_TASK PROMPT_
Your task is to copy the data exactly while leaving out every picture.

_STORED DATA_

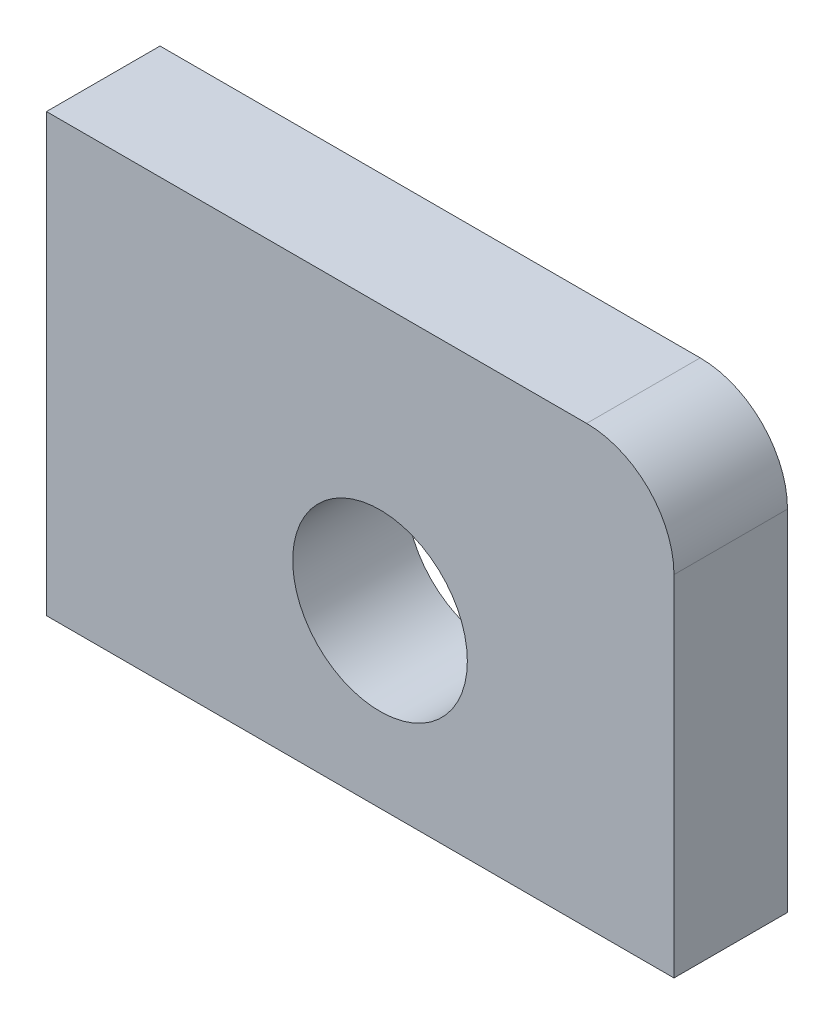
SolidWorks part; units mm, degrees
ref_plane "前视基准面" through (0, 0, 0) normal (0, 0, 1) x (1, 0, 0)
ref_plane "上视基准面" through (0, 0, 0) normal (0, 1, 0) x (1, 0, 0)
ref_plane "右视基准面" through (0, 0, 0) normal (1, 0, 0) x (0, 0, -1)
sketch "草图2" plane through (0, 0, 0) normal (0, 0, 1) x (1, 0, 0)
  line L1 (-58.2739, 30.3952) -> (41.7261, 30.3952)
  line L2 (-58.2739, 30.3952) -> (-58.2739, -19.6048)
  line L3 (-58.2739, -19.6048) -> (41.7261, -19.6048)
  line L4 (41.7261, 30.3952) -> (41.7261, -19.6048)
extrude "凸台-拉伸1" add sketch "草图2" along normal blind 13
fillet "圆角1" radius 10 1 edges at (41.7261, 30.3952, 6.5)
sketch "草图3" plane through (0, 0, 13) normal (0, 0, 1) x (1, 0, 0)
  circle A0 centre (8.0646, 0) radius 10
extrude "切除-拉伸1" cut sketch "草图3" against normal blind 13
sketch "草图4" plane through (0, 0, 13) normal (0, 0, 1) x (1, 0, 0)
  line L0 (-58.2739, 30.3952) -> (-58.2739, -19.6048) construction
  line L1 (-58.2739, 30.3952) -> (-30.1286, 30.3952)
  line L2 (-58.2739, 30.3952) -> (-58.2739, -19.6048)
  line L3 (-58.2739, -19.6048) -> (-30.1286, -19.6048)
  line L4 (-30.1286, 30.3952) -> (-30.1286, -19.6048)
  line L5 (31.7261, 30.3952) -> (-58.2739, 30.3952) construction
  line L6 (-58.2739, -19.6048) -> (41.7261, -19.6048) construction
extrude "切除-拉伸2" cut sketch "草图4" against normal blind 13

_FINISHED TASK_
SolidWorks part; units mm, degrees
ref_plane "前视基准面" through (0, 0, 0) normal (0, 0, 1) x (1, 0, 0)
ref_plane "上视基准面" through (0, 0, 0) normal (0, 1, 0) x (1, 0, 0)
ref_plane "右视基准面" through (0, 0, 0) normal (1, 0, 0) x (0, 0, -1)
sketch "草图2" plane through (0, 0, 0) normal (0, 0, 1) x (1, 0, 0)
  line L1 (-58.2739, 30.3952) -> (41.7261, 30.3952)
  line L2 (-58.2739, 30.3952) -> (-58.2739, -19.6048)
  line L3 (-58.2739, -19.6048) -> (41.7261, -19.6048)
  line L4 (41.7261, 30.3952) -> (41.7261, -19.6048)
extrude "凸台-拉伸1" add sketch "草图2" along normal blind 13
fillet "圆角1" radius 10 1 edges at (41.7261, 30.3952, 6.5)
sketch "草图3" plane through (0, 0, 13) normal (0, 0, 1) x (1, 0, 0)
  circle A0 centre (8.0646, 0) radius 10
extrude "切除-拉伸1" cut sketch "草图3" against normal blind 13
sketch "草图4" plane through (0, 0, 13) normal (0, 0, 1) x (1, 0, 0)
  line L0 (-58.2739, 30.3952) -> (-58.2739, -19.6048) construction
  line L1 (-58.2739, 30.3952) -> (-30.1286, 30.3952)
  line L2 (-58.2739, 30.3952) -> (-58.2739, -19.6048)
  line L3 (-58.2739, -19.6048) -> (-30.1286, -19.6048)
  line L4 (-30.1286, 30.3952) -> (-30.1286, -19.6048)
  line L5 (31.7261, 30.3952) -> (-58.2739, 30.3952) construction
  line L6 (-58.2739, -19.6048) -> (41.7261, -19.6048) construction
extrude "切除-拉伸2" cut sketch "草图4" against normal blind 13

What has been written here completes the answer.